> [WORK REQUIRED]
Using the records below, output the stretch that opens with the line containing "- C:\TEMP\Car Seat\Workspace\Worm Gear 20.ipt" and closes with the line containing "# Autodesk Inventor assembly: polaris_K05", exactly and including both lines, with nothing more.

★ ★ ★ ★

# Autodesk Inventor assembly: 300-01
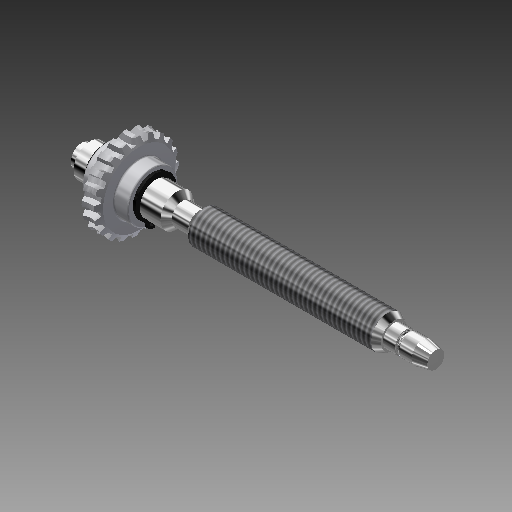
[picture p0: Inventor's stored thumbnail of the model, 512x512]
Saved by Autodesk Inventor 2019 (Build 230136000, 136)
## iProperties
Company: Autodesk Inc.
Created: 2007-12-26
Part Number: 300-01
Document SubType Name: Assembly
Designer: Autodesk Inc.
Mass: 108.136 g
Surface Area: 82.632 cm^2
Volume: 17.3544 cm^3
Density: 6.23103 g/cm^3
Description: BALL SCREW SHAFT ASSEMBLY
Component Category: Lower Component
Author: Inventor
## Documents named in this file (4)
- C:\TEMP\Car Seat\Workspace\Rear Ball Screw Shaft Assembly.iam
- C:\TEMP\Car Seat\Workspace\Worm Gear 20.ipt
- C:\TEMP\Car Seat\Workspace\Ball Screw Shaft A.ipt
- C:\TEMP\Car Seat\Workspace\JIS B 2804 12x1.ipt
## Components (4 placed, 3 different names)
1. Worm Gear:1 — Mate:1, Angle:1, Flush:1, Insert:1, Insert:3, Mate:2
2. Shaft:1 — Mate:1, Angle:1, Flush:1, Insert:2, Angle:2, Angle:3, Insert:3, Mate:2
3. JIS B 2804 12x1:1 — Insert:1, Angle:3
4. JIS B 2804 12x1:2 — Insert:2, Angle:2
## Relationships (9: Angle 3, Insert 3, Mate 2, Flush 1)
- Mate:1: Worm Gear:1 ↔ Shaft:1
- Angle:1 (180 deg): Worm Gear:1 ↔ Shaft:1
- Flush:1: Worm Gear:1 ↔ Shaft:1
- Insert:1: Worm Gear:1 ↔ JIS B 2804 12x1:1
- Insert:2: Shaft:1 ↔ JIS B 2804 12x1:2
- Angle:2 (270 deg): Shaft:1 ↔ JIS B 2804 12x1:2
- Angle:3 (90 deg): Shaft:1 ↔ JIS B 2804 12x1:1
- Insert:3: Worm Gear:1 ↔ Shaft:1
- Mate:2: Worm Gear:1 ↔ Shaft:1
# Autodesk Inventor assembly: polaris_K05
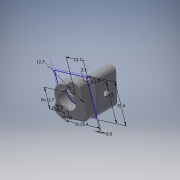
[picture p0: Inventor's stored thumbnail of the model, 180x180]
Saved by Autodesk Inventor 2016 (Build 200138000, 138)
## iProperties
Created: 2015-09-04
Part Number: polaris_K05
Document SubType Name: Assembly
Designer: HE BEC
Author: HE BEC
## Documents named in this file (4)
- C:\Users\HE BEC\Dropbox\PhD\lab\ecdl\CAD\polaris_K05.iam
- C:\Users\HE BEC\Dropbox\PhD\lab\ecdl\CAD\polaris_K05_main.ipt
- C:\Users\HE BEC\Dropbox\PhD\lab\ecdl\CAD\polaris_K05_front.ipt
- C:\Users\HE BEC\Dropbox\PhD\lab\ecdl\CAD\polaris_K05_screw.ipt
## Components (5 placed, 3 different names)
1. polaris_K05_main:1 — Mate:3, Mate:4, Mate:5, Angle:1, Angle:2, Angle:3, Flush:1, Flush:2, Flush:3
2. polaris_K05_front:1 — Tangent:2, Tangent:3
3. polaris_K05_screw:1 — Mate:5, Tangent:2, Angle:1, Flush:3
4. polaris_K05_screw:2 — Mate:4, Angle:2, Flush:2
5. polaris_K05_screw:3 — Mate:3, Angle:3, Flush:1, Tangent:3
## Relationships (11: Mate 3, Angle 3, Flush 3, Tangent 2)
- Mate:3: polaris_K05_main:1 ↔ polaris_K05_screw:3
- Mate:4: polaris_K05_main:1 ↔ polaris_K05_screw:2
- Mate:5: polaris_K05_main:1 ↔ polaris_K05_screw:1
- Tangent:2: polaris_K05_front:1 ↔ polaris_K05_screw:1
- Angle:1 (0 deg): polaris_K05_main:1 ↔ polaris_K05_screw:1
- Angle:2 (0 deg): polaris_K05_main:1 ↔ polaris_K05_screw:2
- Angle:3 (0 deg): polaris_K05_main:1 ↔ polaris_K05_screw:3
- Flush:1: polaris_K05_main:1 ↔ polaris_K05_screw:3
- Flush:2 (-0.5 mm): polaris_K05_main:1 ↔ polaris_K05_screw:2
- Tangent:3: polaris_K05_front:1 ↔ polaris_K05_screw:3
- Flush:3: polaris_K05_main:1 ↔ polaris_K05_screw:1

★ ★ ★ ★

> [EXERCISE OUTPUT]
- C:\TEMP\Car Seat\Workspace\Worm Gear 20.ipt
- C:\TEMP\Car Seat\Workspace\Ball Screw Shaft A.ipt
- C:\TEMP\Car Seat\Workspace\JIS B 2804 12x1.ipt
## Components (4 placed, 3 different names)
1. Worm Gear:1 — Mate:1, Angle:1, Flush:1, Insert:1, Insert:3, Mate:2
2. Shaft:1 — Mate:1, Angle:1, Flush:1, Insert:2, Angle:2, Angle:3, Insert:3, Mate:2
3. JIS B 2804 12x1:1 — Insert:1, Angle:3
4. JIS B 2804 12x1:2 — Insert:2, Angle:2
## Relationships (9: Angle 3, Insert 3, Mate 2, Flush 1)
- Mate:1: Worm Gear:1 ↔ Shaft:1
- Angle:1 (180 deg): Worm Gear:1 ↔ Shaft:1
- Flush:1: Worm Gear:1 ↔ Shaft:1
- Insert:1: Worm Gear:1 ↔ JIS B 2804 12x1:1
- Insert:2: Shaft:1 ↔ JIS B 2804 12x1:2
- Angle:2 (270 deg): Shaft:1 ↔ JIS B 2804 12x1:2
- Angle:3 (90 deg): Shaft:1 ↔ JIS B 2804 12x1:1
- Insert:3: Worm Gear:1 ↔ Shaft:1
- Mate:2: Worm Gear:1 ↔ Shaft:1
# Autodesk Inventor assembly: polaris_K05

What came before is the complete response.